她说到这里,郑氏没了声音,她当然知道祝宁婵不良于行,被人留在二楼……
果不其然,少女接着说道:“求了好多人才勉强被抬到楼下,媳妇却发现我已经一年多没出过门了,城里又新建了几家医院?那些医院又都在哪儿我一概不知。身上没有一分钱,我是自己个摇着轮椅回来的。”
“归宁!”钟明杰铁青着脸大喝了一声,他自是瞟到了女人的双手也都缠着纱布,想来是周妈给简单处理了一下。
归宁吓的一哆嗦,腿一软就跪了下去。
“不怪他。”祝宁婵安抚的拍了拍男人的肩:“你不知道你当时多吓人,医生怎么说?”
“没什么大碍。”钟明杰将她一把搂过,声音中充满了歉疚:“是我考虑不周,你吓坏了吧?”

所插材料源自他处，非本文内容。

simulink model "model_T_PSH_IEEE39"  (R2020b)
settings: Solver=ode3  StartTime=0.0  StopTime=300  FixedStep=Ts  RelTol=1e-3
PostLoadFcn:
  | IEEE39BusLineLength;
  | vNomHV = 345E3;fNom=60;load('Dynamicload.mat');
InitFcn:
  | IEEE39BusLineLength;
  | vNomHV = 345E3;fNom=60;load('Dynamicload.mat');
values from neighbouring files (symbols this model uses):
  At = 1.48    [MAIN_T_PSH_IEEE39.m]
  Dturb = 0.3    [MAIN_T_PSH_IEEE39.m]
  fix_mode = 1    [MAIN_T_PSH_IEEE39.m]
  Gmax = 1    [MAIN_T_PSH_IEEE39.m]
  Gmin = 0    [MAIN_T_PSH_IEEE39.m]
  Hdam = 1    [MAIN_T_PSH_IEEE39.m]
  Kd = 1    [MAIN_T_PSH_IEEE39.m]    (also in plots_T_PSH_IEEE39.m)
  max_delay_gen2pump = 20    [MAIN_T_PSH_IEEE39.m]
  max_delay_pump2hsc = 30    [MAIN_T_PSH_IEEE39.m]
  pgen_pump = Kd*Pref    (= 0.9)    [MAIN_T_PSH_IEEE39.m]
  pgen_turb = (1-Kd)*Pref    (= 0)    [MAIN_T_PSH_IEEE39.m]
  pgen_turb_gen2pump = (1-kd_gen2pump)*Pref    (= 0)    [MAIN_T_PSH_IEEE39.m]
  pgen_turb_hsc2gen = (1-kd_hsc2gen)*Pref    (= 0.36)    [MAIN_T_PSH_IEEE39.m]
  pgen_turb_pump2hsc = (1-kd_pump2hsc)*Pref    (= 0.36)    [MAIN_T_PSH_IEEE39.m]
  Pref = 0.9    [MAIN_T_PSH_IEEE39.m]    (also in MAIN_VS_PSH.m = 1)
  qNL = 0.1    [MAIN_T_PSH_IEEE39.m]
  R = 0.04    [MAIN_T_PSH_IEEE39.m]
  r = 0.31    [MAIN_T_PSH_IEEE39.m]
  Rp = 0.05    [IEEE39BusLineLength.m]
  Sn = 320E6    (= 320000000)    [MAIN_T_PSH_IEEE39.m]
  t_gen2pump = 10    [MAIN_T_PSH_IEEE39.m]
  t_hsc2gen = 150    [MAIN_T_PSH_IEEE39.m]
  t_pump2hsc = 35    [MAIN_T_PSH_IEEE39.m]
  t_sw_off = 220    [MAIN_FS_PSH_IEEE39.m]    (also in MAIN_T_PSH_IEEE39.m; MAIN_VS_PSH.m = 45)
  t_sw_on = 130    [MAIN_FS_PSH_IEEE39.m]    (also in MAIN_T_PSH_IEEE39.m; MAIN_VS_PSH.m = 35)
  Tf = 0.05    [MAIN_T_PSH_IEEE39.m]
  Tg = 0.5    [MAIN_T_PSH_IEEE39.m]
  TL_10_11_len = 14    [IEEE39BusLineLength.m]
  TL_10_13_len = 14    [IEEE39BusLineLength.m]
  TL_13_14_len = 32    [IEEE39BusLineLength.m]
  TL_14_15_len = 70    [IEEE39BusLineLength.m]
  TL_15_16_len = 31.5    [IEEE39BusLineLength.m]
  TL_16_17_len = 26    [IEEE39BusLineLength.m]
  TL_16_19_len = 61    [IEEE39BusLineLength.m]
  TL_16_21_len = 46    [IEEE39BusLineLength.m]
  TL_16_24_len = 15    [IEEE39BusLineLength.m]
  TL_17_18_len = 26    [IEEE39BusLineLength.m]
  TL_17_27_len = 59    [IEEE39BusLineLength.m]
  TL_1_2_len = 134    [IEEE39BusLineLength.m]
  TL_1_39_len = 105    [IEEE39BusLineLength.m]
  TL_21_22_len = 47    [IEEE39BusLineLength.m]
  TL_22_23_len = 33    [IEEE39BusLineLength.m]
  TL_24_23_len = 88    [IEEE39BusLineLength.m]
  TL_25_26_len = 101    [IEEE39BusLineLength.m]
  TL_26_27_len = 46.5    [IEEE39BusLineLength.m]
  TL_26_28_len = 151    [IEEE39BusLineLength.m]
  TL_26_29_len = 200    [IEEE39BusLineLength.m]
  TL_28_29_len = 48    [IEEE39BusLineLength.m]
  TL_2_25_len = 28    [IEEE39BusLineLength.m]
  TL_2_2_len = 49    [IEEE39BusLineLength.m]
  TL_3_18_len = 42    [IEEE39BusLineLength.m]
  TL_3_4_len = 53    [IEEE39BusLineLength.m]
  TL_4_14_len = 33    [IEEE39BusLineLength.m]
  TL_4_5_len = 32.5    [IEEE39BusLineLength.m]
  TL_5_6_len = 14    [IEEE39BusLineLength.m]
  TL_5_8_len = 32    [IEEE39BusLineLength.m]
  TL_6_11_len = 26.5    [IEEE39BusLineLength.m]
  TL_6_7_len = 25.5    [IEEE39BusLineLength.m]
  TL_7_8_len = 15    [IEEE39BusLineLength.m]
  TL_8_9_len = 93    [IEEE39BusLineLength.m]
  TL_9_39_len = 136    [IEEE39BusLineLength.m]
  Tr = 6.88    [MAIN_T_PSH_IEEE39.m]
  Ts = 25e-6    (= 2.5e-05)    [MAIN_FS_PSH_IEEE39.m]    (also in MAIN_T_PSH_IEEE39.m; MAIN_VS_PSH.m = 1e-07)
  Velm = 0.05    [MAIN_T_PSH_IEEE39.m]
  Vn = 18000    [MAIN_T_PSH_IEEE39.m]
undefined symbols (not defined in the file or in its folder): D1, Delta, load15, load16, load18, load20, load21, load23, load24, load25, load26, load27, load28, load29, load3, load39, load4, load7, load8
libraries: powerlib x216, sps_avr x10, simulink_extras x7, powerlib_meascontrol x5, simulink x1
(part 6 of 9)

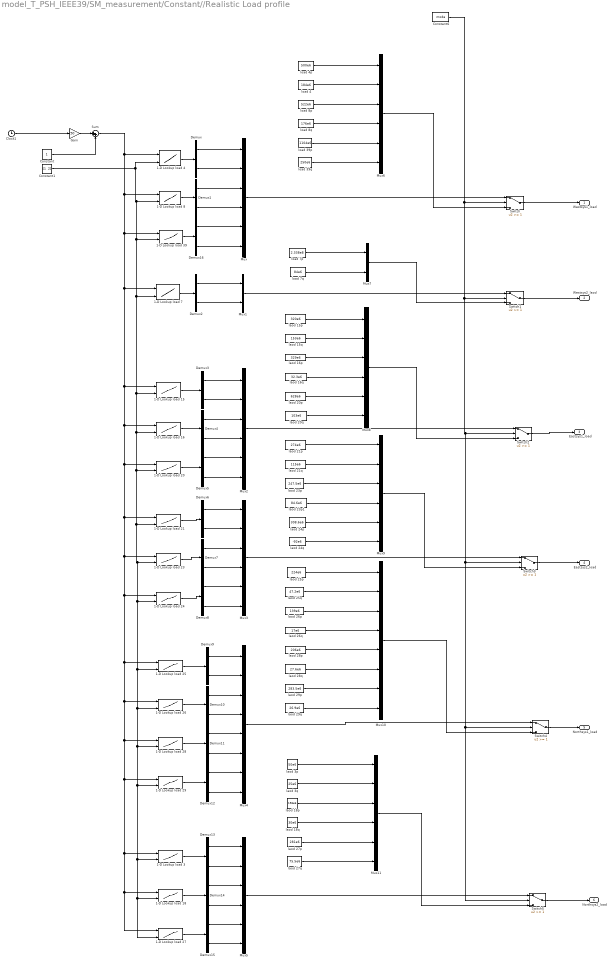
== system model_T_PSH_IEEE39/SM_measurement/Constant//Realistic Load profile ==
  1-D Lookup load 15 : Lookup_n-D  BreakpointsForDimension1=[1:18000]  BreakpointsForDimension2=[1 2]  Table=load15  InterpMethod=Flat  ExtrapMethod=Cubic spline  DiagnosticForOutOfRangeInput=Error  InternalRulePriority=Speed  RndMeth=Simplest  InputSameDT=on
      settings: InputPortMap=u0,u1
  1-D Lookup load 16 : Lookup_n-D  BreakpointsForDimension1=[1:18000]  BreakpointsForDimension2=[1 2]  Table=load16  InterpMethod=Flat  ExtrapMethod=Cubic spline  DiagnosticForOutOfRangeInput=Error  InternalRulePriority=Speed  RndMeth=Simplest  InputSameDT=on
      settings: InputPortMap=u0,u1
  1-D Lookup load 18 : Lookup_n-D  BreakpointsForDimension1=[1:18000]  BreakpointsForDimension2=[1 2]  Table=load18  InterpMethod=Flat  ExtrapMethod=Cubic spline  DiagnosticForOutOfRangeInput=Error  InternalRulePriority=Speed  RndMeth=Simplest  InputSameDT=on
      settings: InputPortMap=u0,u1
  1-D Lookup load 20 : Lookup_n-D  BreakpointsForDimension1=[1:18000]  BreakpointsForDimension2=[1 2]  Table=load20  InterpMethod=Flat  ExtrapMethod=Cubic spline  DiagnosticForOutOfRangeInput=Error  InternalRulePriority=Speed  RndMeth=Simplest  InputSameDT=on
      settings: InputPortMap=u0,u1
  1-D Lookup load 21 : Lookup_n-D  BreakpointsForDimension1=[1:18000]  BreakpointsForDimension2=[1 2]  Table=load21  InterpMethod=Flat  ExtrapMethod=Cubic spline  DiagnosticForOutOfRangeInput=Error  InternalRulePriority=Speed  RndMeth=Simplest  InputSameDT=on
      settings: InputPortMap=u0,u1
  1-D Lookup load 23 : Lookup_n-D  BreakpointsForDimension1=[1:18000]  BreakpointsForDimension2=[1 2]  Table=load23  InterpMethod=Flat  ExtrapMethod=Cubic spline  DiagnosticForOutOfRangeInput=Error  InternalRulePriority=Speed  RndMeth=Simplest  InputSameDT=on
      settings: InputPortMap=u0,u1
  1-D Lookup load 24 : Lookup_n-D  BreakpointsForDimension1=[1:18000]  BreakpointsForDimension2=[1 2]  Table=load24  InterpMethod=Flat  ExtrapMethod=Cubic spline  DiagnosticForOutOfRangeInput=Error  InternalRulePriority=Speed  RndMeth=Simplest  InputSameDT=on
      settings: InputPortMap=u0,u1
  1-D Lookup load 25 : Lookup_n-D  BreakpointsForDimension1=[1:18000]  BreakpointsForDimension2=[1 2]  Table=load25  InterpMethod=Flat  ExtrapMethod=Cubic spline  DiagnosticForOutOfRangeInput=Error  InternalRulePriority=Speed  RndMeth=Simplest  InputSameDT=on
      settings: InputPortMap=u0,u1
  1-D Lookup load 26 : Lookup_n-D  BreakpointsForDimension1=[1:18000]  BreakpointsForDimension2=[1 2]  Table=load26  InterpMethod=Flat  ExtrapMethod=Cubic spline  DiagnosticForOutOfRangeInput=Error  InternalRulePriority=Speed  RndMeth=Simplest  InputSameDT=on
      settings: InputPortMap=u0,u1
  1-D Lookup load 27 : Lookup_n-D  BreakpointsForDimension1=[1:18000]  BreakpointsForDimension2=[1 2]  Table=load27  InterpMethod=Flat  ExtrapMethod=Cubic spline  DiagnosticForOutOfRangeInput=Error  InternalRulePriority=Speed  RndMeth=Simplest  InputSameDT=on
      settings: InputPortMap=u0,u1
  1-D Lookup load 28 : Lookup_n-D  BreakpointsForDimension1=[1:18000]  BreakpointsForDimension2=[1 2]  Table=load28  InterpMethod=Flat  ExtrapMethod=Cubic spline  DiagnosticForOutOfRangeInput=Error  InternalRulePriority=Speed  RndMeth=Simplest  InputSameDT=on
      settings: InputPortMap=u0,u1
  1-D Lookup load 29 : Lookup_n-D  BreakpointsForDimension1=[1:18000]  BreakpointsForDimension2=[1 2]  Table=load29  InterpMethod=Flat  ExtrapMethod=Cubic spline  DiagnosticForOutOfRangeInput=Error  InternalRulePriority=Speed  RndMeth=Simplest  InputSameDT=on
      settings: InputPortMap=u0,u1
  1-D Lookup load 3 : Lookup_n-D  BreakpointsForDimension1=[1:18000]  BreakpointsForDimension2=[1 2]  Table=load3  InterpMethod=Flat  ExtrapMethod=Cubic spline  DiagnosticForOutOfRangeInput=Error  InternalRulePriority=Speed  RndMeth=Simplest  InputSameDT=on
      settings: InputPortMap=u0,u1
  1-D Lookup load 39 : Lookup_n-D  BreakpointsForDimension1=[1:18000]  BreakpointsForDimension2=[1 2]  Table=load39  InterpMethod=Flat  ExtrapMethod=Cubic spline  DiagnosticForOutOfRangeInput=Error  InternalRulePriority=Speed  RndMeth=Simplest  InputSameDT=on
      settings: InputPortMap=u0,u1
  1-D Lookup load 4 : Lookup_n-D  BreakpointsForDimension1=[1:18000]  BreakpointsForDimension2=[1 2]  Table=load4  InterpMethod=Flat  ExtrapMethod=Cubic spline  DiagnosticForOutOfRangeInput=Error  InternalRulePriority=Speed  RndMeth=Simplest  InputSameDT=on
      settings: InputPortMap=u0,u1
  1-D Lookup load 7 : Lookup_n-D  BreakpointsForDimension1=[1:18000]  BreakpointsForDimension2=[1 2]  Table=load7  InterpMethod=Flat  ExtrapMethod=Cubic spline  DiagnosticForOutOfRangeInput=Error  InternalRulePriority=Speed  RndMeth=Simplest  InputSameDT=on
      settings: InputPortMap=u0,u1
  1-D Lookup load 8 : Lookup_n-D  BreakpointsForDimension1=[1:18000]  BreakpointsForDimension2=[1 2]  Table=load8  InterpMethod=Flat  ExtrapMethod=Cubic spline  DiagnosticForOutOfRangeInput=Error  InternalRulePriority=Speed  RndMeth=Simplest  InputSameDT=on
      settings: InputPortMap=u0,u1
  Clock1 : Clock
  Constant : Constant  SampleTime=20e-3
  Constant1 : Constant  Value="[1  2]"  VectorParams1D=off  SampleTime=20e-3
  Constant6 : Constant  Value=mode
  Demux{,1..16} (17 alike) : Demux  Outputs=2
  Gain : Gain  Gain=50
  Mux{,2..3,5..6,8..9,11} (8 alike) : Mux  Inputs=6
  Mux1 : Mux  Inputs=2
  Mux10 : Mux  Inputs=8
  Mux4 : Mux  Inputs=8
  Mux7 : Mux  Inputs=2
  Sum : Sum  Inputs=|++
  Switch{,1..5} (6 alike) : Switch  Threshold=1
  laod 15p : Constant  Value=320e6  VectorParams1D=off  SampleTime=20e-3
  laod 15q : Constant  Value=153e6  VectorParams1D=off  SampleTime=20e-3
  laod 16p : Constant  Value=329e6  VectorParams1D=off  SampleTime=20e-3
  laod 16q : Constant  Value=32.3e6  VectorParams1D=off  SampleTime=20e-3
  laod 18p : Constant  Value=158e6  VectorParams1D=off  SampleTime=20e-3
  laod 18q : Constant  Value=30e6  VectorParams1D=off  SampleTime=20e-3
  laod 20p : Constant  Value=628e6  VectorParams1D=off  SampleTime=20e-3
  laod 20q : Constant  Value=103e6  VectorParams1D=off  SampleTime=20e-3
  laod 21p : Constant  Value=274e6  VectorParams1D=off  SampleTime=20e-3
  laod 21q : Constant  Value=115e6  VectorParams1D=off  SampleTime=20e-3
  laod 23p : Constant  Value=247.5e6  VectorParams1D=off  SampleTime=20e-3
  laod 23p1 : Constant  Value=84.6e6  VectorParams1D=off  SampleTime=20e-3
  laod 24p : Constant  Value=308.6e6  SampleTime=20e-3
  laod 24q : Constant  Value=-92e6  VectorParams1D=off  SampleTime=20e-3
  laod 25p : Constant  Value=224e6  VectorParams1D=off  SampleTime=20e-3
  laod 25q : Constant  Value=47.2e6  VectorParams1D=off  SampleTime=20e-3
  laod 26p : Constant  Value=139e6  VectorParams1D=off  SampleTime=20e-3
  laod 26q : Constant  Value=17e6  VectorParams1D=off  SampleTime=20e-3
  laod 27p : Constant  Value=281e6  VectorParams1D=off  SampleTime=20e-3
  laod 27q : Constant  Value=75.5e6  VectorParams1D=off  SampleTime=20e-3
  laod 28p : Constant  Value=206e6  VectorParams1D=off  SampleTime=20e-3
  laod 28q : Constant  Value=27.6e6  VectorParams1D=off  SampleTime=20e-3
  laod 29p : Constant  Value=283.5e6  VectorParams1D=off  SampleTime=20e-3
  laod 29q : Constant  Value=26.9e6  VectorParams1D=off  SampleTime=20e-3
  laod 3p : Constant  Value=50e6  VectorParams1D=off  SampleTime=20e-3
  laod 3q : Constant  Value=25e6  VectorParams1D=off  SampleTime=20e-3
  load 39p : Constant  Value=1104e6  VectorParams1D=off  SampleTime=20e-3
  load 39q : Constant  Value=250e6  VectorParams1D=off  SampleTime=20e-3
  load 4 : Constant  Value=184e6  VectorParams1D=off  SampleTime=20e-3
  load 4p : Constant  Value=500e6  VectorParams1D=off  SampleTime=20e-3
  load 7p : Constant  Value=2.338e8  VectorParams1D=off  SampleTime=20e-3
  load 7q : Constant  Value=84e6  VectorParams1D=off  SampleTime=20e-3
  load 8p : Constant  Value=522e6  VectorParams1D=off  SampleTime=20e-3
  load 8q : Constant  Value=176e6  VectorParams1D=off  SampleTime=20e-3
  Westsys1_load : Outport
  Westsys2_laod : Outport  Port=2
  Eastsys1_load : Outport  Port=3
  Eastsys2_load : Outport  Port=4
  Northsys1_load : Outport  Port=5
  Northsys2_load : Outport  Port=6
  wires:
  Mux2/1 -> Switch2/1
  Constant/1 -> Sum/2
  Mux/1 -> Switch/1
  Mux1/1 -> Switch1/1
  Mux5/1 -> Switch5/1
  1-D Lookup load 15/1 -> Demux3/1
  Demux2/2 -> Mux1/2
  Demux5/2 -> Mux2/6
  Demux7/2 -> Mux3/4
  Demux10/2 -> Mux4/4
  Sum/1 -> 1-D Lookup load 28/1, 1-D Lookup load 27/1, 1-D Lookup load 18/1, 1-D Lookup load 3/1, 1-D Lookup load 29/1, 1-D Lookup load 26/1, 1-D Lookup load 25/1, 1-D Lookup load 24/1, 1-D Lookup load 23/1, 1-D Lookup load 21/1, 1-D Lookup load 20/1, 1-D Lookup load 16/1, 1-D Lookup load 15/1, 1-D Lookup load 7/1, 1-D Lookup load 39/1, 1-D Lookup load 8/1, 1-D Lookup load 4/1
  1-D Lookup load 4/1 -> Demux/1
  Demux/1 -> Mux/1
  Demux/2 -> Mux/2
  1-D Lookup load 8/1 -> Demux1/1
  Demux1/1 -> Mux/3
  Demux1/2 -> Mux/4
  Demux16/1 -> Mux/5
  Demux16/2 -> Mux/6
  1-D Lookup load 39/1 -> Demux16/1
  1-D Lookup load 7/1 -> Demux2/1
  Demux2/1 -> Mux1/1
  Demux3/1 -> Mux2/1
  Demux3/2 -> Mux2/2
  1-D Lookup load 16/1 -> Demux4/1
  Demux4/1 -> Mux2/3
  Demux4/2 -> Mux2/4
  Demux5/1 -> Mux2/5
  1-D Lookup load 20/1 -> Demux5/1
  Demux6/2 -> Mux3/2
  Demux6/1 -> Mux3/1
  1-D Lookup load 21/1 -> Demux6/1
  Demux7/1 -> Mux3/3
  1-D Lookup load 23/1 -> Demux7/1
  1-D Lookup load 24/1 -> Demux8/1
  Demux8/1 -> Mux3/5
  Demux8/2 -> Mux3/6
  Demux9/2 -> Mux4/2
  Demux9/1 -> Mux4/1
  1-D Lookup load 25/1 -> Demux9/1
  1-D Lookup load 26/1 -> Demux10/1
  Demux10/1 -> Mux4/3
  Demux11/1 -> Mux4/5
  Demux11/2 -> Mux4/6
  1-D Lookup load 28/1 -> Demux11/1
  Demux12/1 -> Mux4/7
  Demux12/2 -> Mux4/8
  1-D Lookup load 29/1 -> Demux12/1
  1-D Lookup load 3/1 -> Demux13/1
  Demux13/1 -> Mux5/1
  Demux13/2 -> Mux5/2
  Constant1/1 -> 1-D Lookup load 7/2, 1-D Lookup load 20/2, 1-D Lookup load 27/2, 1-D Lookup load 18/2, 1-D Lookup load 3/2, 1-D Lookup load 29/2, 1-D Lookup load 28/2, 1-D Lookup load 26/2, 1-D Lookup load 25/2, 1-D Lookup load 24/2, 1-D Lookup load 23/2, 1-D Lookup load 21/2, 1-D Lookup load 16/2, 1-D Lookup load 15/2, 1-D Lookup load 39/2, 1-D Lookup load 8/2, 1-D Lookup load 4/2
  Demux14/1 -> Mux5/3
  Demux14/2 -> Mux5/4
  1-D Lookup load 18/1 -> Demux14/1
  Demux15/1 -> Mux5/5
  Demux15/2 -> Mux5/6
  1-D Lookup load 27/1 -> Demux15/1
  Clock1/1 -> Gain/1
  Gain/1 -> Sum/1
  Mux6/1 -> Switch/3
  load 4p/1 -> Mux6/1
  load 4/1 -> Mux6/2
  load 8p/1 -> Mux6/3
  load 8q/1 -> Mux6/4
  load 39p/1 -> Mux6/5
  load 39q/1 -> Mux6/6
  Constant6/1 -> Switch5/2, Switch4/2, Switch3/2, Switch2/2, Switch1/2, Switch/2
  Switch/1 -> Westsys1_load/1
  Mux7/1 -> Switch1/3
  load 7q/1 -> Mux7/2
  load 7p/1 -> Mux7/1
  Switch1/1 -> Westsys2_laod/1
  Switch2/1 -> Eastsys1_load/1
  laod 20q/1 -> Mux8/6
  laod 15p/1 -> Mux8/1
  laod 15q/1 -> Mux8/2
  laod 16p/1 -> Mux8/3
  laod 16q/1 -> Mux8/4
  laod 20p/1 -> Mux8/5
  Mux8/1 -> Switch2/3
  Switch3/1 -> Eastsys2_load/1
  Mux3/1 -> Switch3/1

窝在对方怀里,女人撇了撇嘴,都怪她的嗅觉太过于灵敏,男人身上的味道可不就与那天带孙欣如看病的时候带回来的脂粉味一样吗?怪不得需要做轮椅呢,看来一半儿是吓得,一半儿是累的。
郑氏闹了个没脸,哼了一声扭着腰走了。
祝宁婵敷衍着和男人说了几句,低垂的眼里透着精光,这几天她喝的药里没了西决子,她便明白了。新欢旧爱左右逢源是吗?想要坐拥齐人之福?真是得让他知道什么叫做鱼和熊掌不可兼得。
从那晚起,祖师奶奶就彻底断了阴蛊的营养吸收,半点都不给。
就这样又过了半个多月的时间,这日她正在花园中同钟明杰闲聊。
“你最近怎么这样忙?”少女微微撅着小嘴儿,有些撒娇的意思:“陪我的时间都变少了。”
“政府里有些事要忙。”钟明杰扒核桃的手顿了顿,简单的解释了一下。
他就算不说祝宁婵也知道,一向是个心狠手辣、睚眦必报的个性,那日在饭馆中吃了那么大的亏,怎么可能就这么算了。听闻宁城的驻军就要从前线返回,看来赤山那边是消停不了了。